We’d had lunch, toured some wine estates, and were now exploring a public garden, filled with indigenous fynbos, and that one giant Ficus tree. Within moments, Julia had climbed the enormous trunk and was making her way up a side branch. Responsive as usual to Julia’s enthusiasm, I spied a branch that looked just right. It curved off another making a gentle angle, a back-rest against which to lie. I climbed up and settled myself down along the branch, only to find it was anything but comfortable. It had nobbles all over that stuck into my back, the angle of the branches was wrong, it was too narrow. Nothing about the branch was fit for my purpose. And it had looked so wonderful from below.

The others had by now climbed up and were sitting in various spots around the tree, some more precariously than others. I was too lazy to move myself and chatted with the others until we all fell silent. Within about five minutes of having climbed up I found myself falling asleep. I realised with surprise that my branch was in fact after all the most comfortable spot in the world. It fitted me perfectly, was smooth as can be, and the angle was faultless, just like a beach recliner.
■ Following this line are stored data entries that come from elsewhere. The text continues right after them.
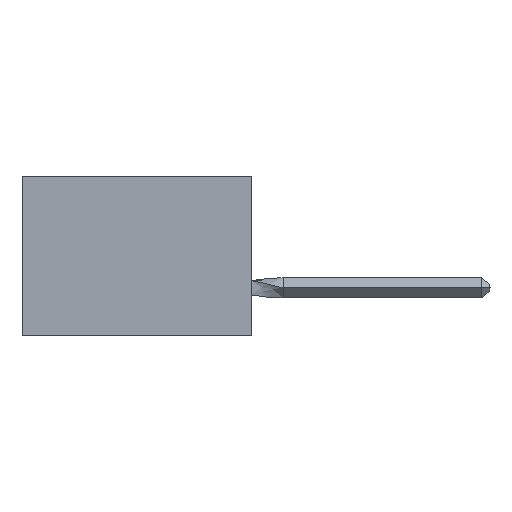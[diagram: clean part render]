
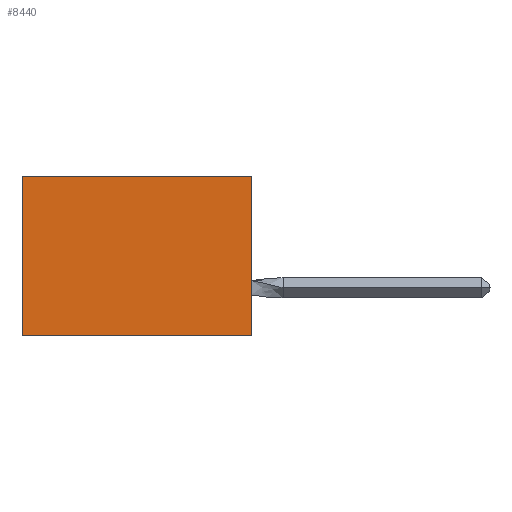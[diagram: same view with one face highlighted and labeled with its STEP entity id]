
A CAD part, left-side view. The second image highlights one B-rep face of the part: STEP entity #8440.
In plain terms, the highlighted planar face has unit normal (-1, 0, 0).
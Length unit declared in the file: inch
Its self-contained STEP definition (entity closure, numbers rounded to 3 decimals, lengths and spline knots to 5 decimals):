
#300 = EDGE_CURVE ( 'NONE', #8329, #18362, #15006, .T. ) ;
#873 = FACE_OUTER_BOUND ( 'NONE', #5982, .T. ) ;
#897 = CARTESIAN_POINT ( 'NONE',  ( 0.305, 0., 0. ) ) ;
#1271 = DIRECTION ( 'NONE',  ( 0., 1., 0. ) ) ;
#1507 = CARTESIAN_POINT ( 'NONE',  ( 0.305, 0., -0.5 ) ) ;
#1587 = LINE ( 'NONE', #2961, #12479 ) ;
#1661 = LINE ( 'NONE', #17904, #4116 ) ;
#1686 = CARTESIAN_POINT ( 'NONE',  ( 0.305, 0.72, 0. ) ) ;
#1816 = ORIENTED_EDGE ( 'NONE', *, *, #300, .F. ) ;
#2646 = CARTESIAN_POINT ( 'NONE',  ( 0.305, 0., -0.5 ) ) ;
#2961 = CARTESIAN_POINT ( 'NONE',  ( 0.305, 0.72, -0.5 ) ) ;
#3541 = ORIENTED_EDGE ( 'NONE', *, *, #7326, .T. ) ;
#4116 = VECTOR ( 'NONE', #16589, 39.37008 ) ;
#4336 = DIRECTION ( 'NONE',  ( 0., 0., -1. ) ) ;
#5790 = PLANE ( 'NONE',  #15032 ) ;
#5910 = DIRECTION ( 'NONE',  ( 0., 0., -1. ) ) ;
#5982 = EDGE_LOOP ( 'NONE', ( #16628, #1816, #8016, #3541 ) ) ;
#7311 = EDGE_CURVE ( 'NONE', #9807, #8329, #1661, .T. ) ;
#7326 = EDGE_CURVE ( 'NONE', #9807, #11076, #16340, .T. ) ;
#7692 = VECTOR ( 'NONE', #7971, 39.37008 ) ;
#7971 = DIRECTION ( 'NONE',  ( 0., 1., 0. ) ) ;
#8016 = ORIENTED_EDGE ( 'NONE', *, *, #7311, .F. ) ;
#8329 = VERTEX_POINT ( 'NONE', #2646 ) ;
#8440 = ADVANCED_FACE ( 'NONE', ( #873 ), #5790, .F. ) ;
#9807 = VERTEX_POINT ( 'NONE', #897 ) ;
#9816 = CARTESIAN_POINT ( 'NONE',  ( 0.305, 0., -0.5 ) ) ;
#11076 = VERTEX_POINT ( 'NONE', #1686 ) ;
#12479 = VECTOR ( 'NONE', #5910, 39.37008 ) ;
#13885 = CARTESIAN_POINT ( 'NONE',  ( 0.305, 0.72, -0.5 ) ) ;
#15006 = LINE ( 'NONE', #9816, #15911 ) ;
#15032 = AXIS2_PLACEMENT_3D ( 'NONE', #1507, #15694, #4336 ) ;
#15694 = DIRECTION ( 'NONE',  ( 1., 0., 0. ) ) ;
#15911 = VECTOR ( 'NONE', #1271, 39.37008 ) ;
#16340 = LINE ( 'NONE', #16400, #7692 ) ;
#16400 = CARTESIAN_POINT ( 'NONE',  ( 0.305, 0., 0. ) ) ;
#16589 = DIRECTION ( 'NONE',  ( 0., 0., -1. ) ) ;
#16628 = ORIENTED_EDGE ( 'NONE', *, *, #16767, .T. ) ;
#16767 = EDGE_CURVE ( 'NONE', #11076, #18362, #1587, .T. ) ;
#17904 = CARTESIAN_POINT ( 'NONE',  ( 0.305, 0., -0.5 ) ) ;
#18362 = VERTEX_POINT ( 'NONE', #13885 ) ;
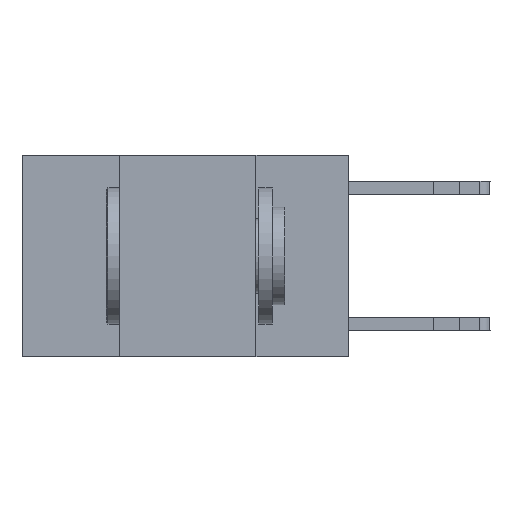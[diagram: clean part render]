
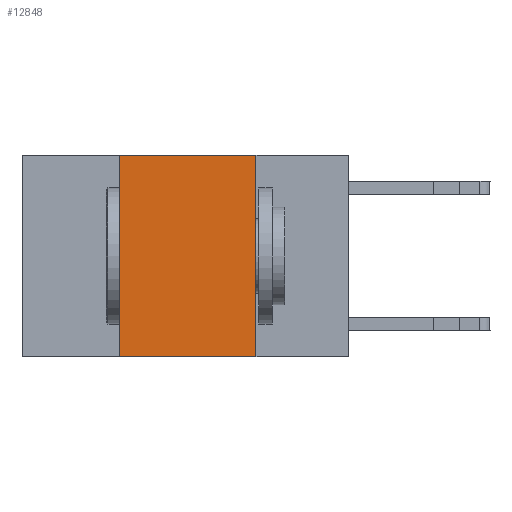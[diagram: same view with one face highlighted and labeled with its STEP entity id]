
A CAD part, left-side view. The second image highlights one B-rep face of the part: STEP entity #12848.
In plain terms, the highlighted planar face has unit normal (-1, 0, 0).
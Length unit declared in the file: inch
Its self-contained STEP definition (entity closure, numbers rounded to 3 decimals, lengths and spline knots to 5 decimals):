
#134 = VERTEX_POINT ( 'NONE', #8625 ) ;
#917 = CARTESIAN_POINT ( 'NONE',  ( 0., 0.17, 0. ) ) ;
#1031 = ORIENTED_EDGE ( 'NONE', *, *, #12974, .T. ) ;
#1062 = LINE ( 'NONE', #6261, #4250 ) ;
#1789 = VECTOR ( 'NONE', #7150, 39.37008 ) ;
#2305 = VECTOR ( 'NONE', #6999, 39.37008 ) ;
#2396 = ORIENTED_EDGE ( 'NONE', *, *, #12719, .F. ) ;
#3631 = CARTESIAN_POINT ( 'NONE',  ( 0., 0.6, 0. ) ) ;
#3675 = EDGE_CURVE ( 'NONE', #6709, #5218, #7202, .T. ) ;
#3876 = EDGE_CURVE ( 'NONE', #134, #6709, #11216, .T. ) ;
#4250 = VECTOR ( 'NONE', #7160, 39.37008 ) ;
#5218 = VERTEX_POINT ( 'NONE', #917 ) ;
#5847 = FACE_OUTER_BOUND ( 'NONE', #13328, .T. ) ;
#6261 = CARTESIAN_POINT ( 'NONE',  ( 0., 0.6, -0.37 ) ) ;
#6456 = AXIS2_PLACEMENT_3D ( 'NONE', #3631, #9093, #13254 ) ;
#6709 = VERTEX_POINT ( 'NONE', #8679 ) ;
#6764 = LINE ( 'NONE', #8575, #7755 ) ;
#6787 = ORIENTED_EDGE ( 'NONE', *, *, #3876, .F. ) ;
#6999 = DIRECTION ( 'NONE',  ( 0., -1., 0. ) ) ;
#7027 = PLANE ( 'NONE',  #6456 ) ;
#7150 = DIRECTION ( 'NONE',  ( 0., 0., 1. ) ) ;
#7160 = DIRECTION ( 'NONE',  ( 0., -1., 0. ) ) ;
#7202 = LINE ( 'NONE', #11333, #2305 ) ;
#7509 = DIRECTION ( 'NONE',  ( 0., 0., -1. ) ) ;
#7755 = VECTOR ( 'NONE', #7509, 39.37008 ) ;
#8098 = CARTESIAN_POINT ( 'NONE',  ( 0., 0.17, -0.37 ) ) ;
#8575 = CARTESIAN_POINT ( 'NONE',  ( 0., 0.17, 0. ) ) ;
#8625 = CARTESIAN_POINT ( 'NONE',  ( 0., 0.42, -0.37 ) ) ;
#8635 = ORIENTED_EDGE ( 'NONE', *, *, #3675, .F. ) ;
#8679 = CARTESIAN_POINT ( 'NONE',  ( 0., 0.42, 0. ) ) ;
#9093 = DIRECTION ( 'NONE',  ( 1., 0., 0. ) ) ;
#9287 = CARTESIAN_POINT ( 'NONE',  ( 0., 0.42, 0. ) ) ;
#11216 = LINE ( 'NONE', #9287, #1789 ) ;
#11333 = CARTESIAN_POINT ( 'NONE',  ( 0., 0.6, 0. ) ) ;
#12719 = EDGE_CURVE ( 'NONE', #5218, #12791, #6764, .T. ) ;
#12791 = VERTEX_POINT ( 'NONE', #8098 ) ;
#12848 = ADVANCED_FACE ( 'NONE', ( #5847 ), #7027, .F. ) ;
#12974 = EDGE_CURVE ( 'NONE', #134, #12791, #1062, .T. ) ;
#13254 = DIRECTION ( 'NONE',  ( 0., 0., -1. ) ) ;
#13328 = EDGE_LOOP ( 'NONE', ( #2396, #8635, #6787, #1031 ) ) ;

How often do we rant against the difficulties of life, the peculiarities of others, the discomforts of our living arrangements?

That tree taught me something so valuable: if you relax and don’t fight against the world, it becomes exactly what you want it to be. We can be amazingly flexible and adaptable but instead find ourselves chafing against the world by tightening, holding ourselves stiff, taking up an attitude, sticking to our opinions, expecting things to be different … all to suit us!

The Alexander Technique teaches us how to be responsive rather than reactive, to allow rather than push. The result is that we become easier, in fact more human, as I did after those few minutes of letting go in that tree.  Normally I would have jumped down in protest, but because of the day, my friends around me, my laziness, I stuck it out and found myself giving in to the shapes of the tree. How easy life can be if we remember this.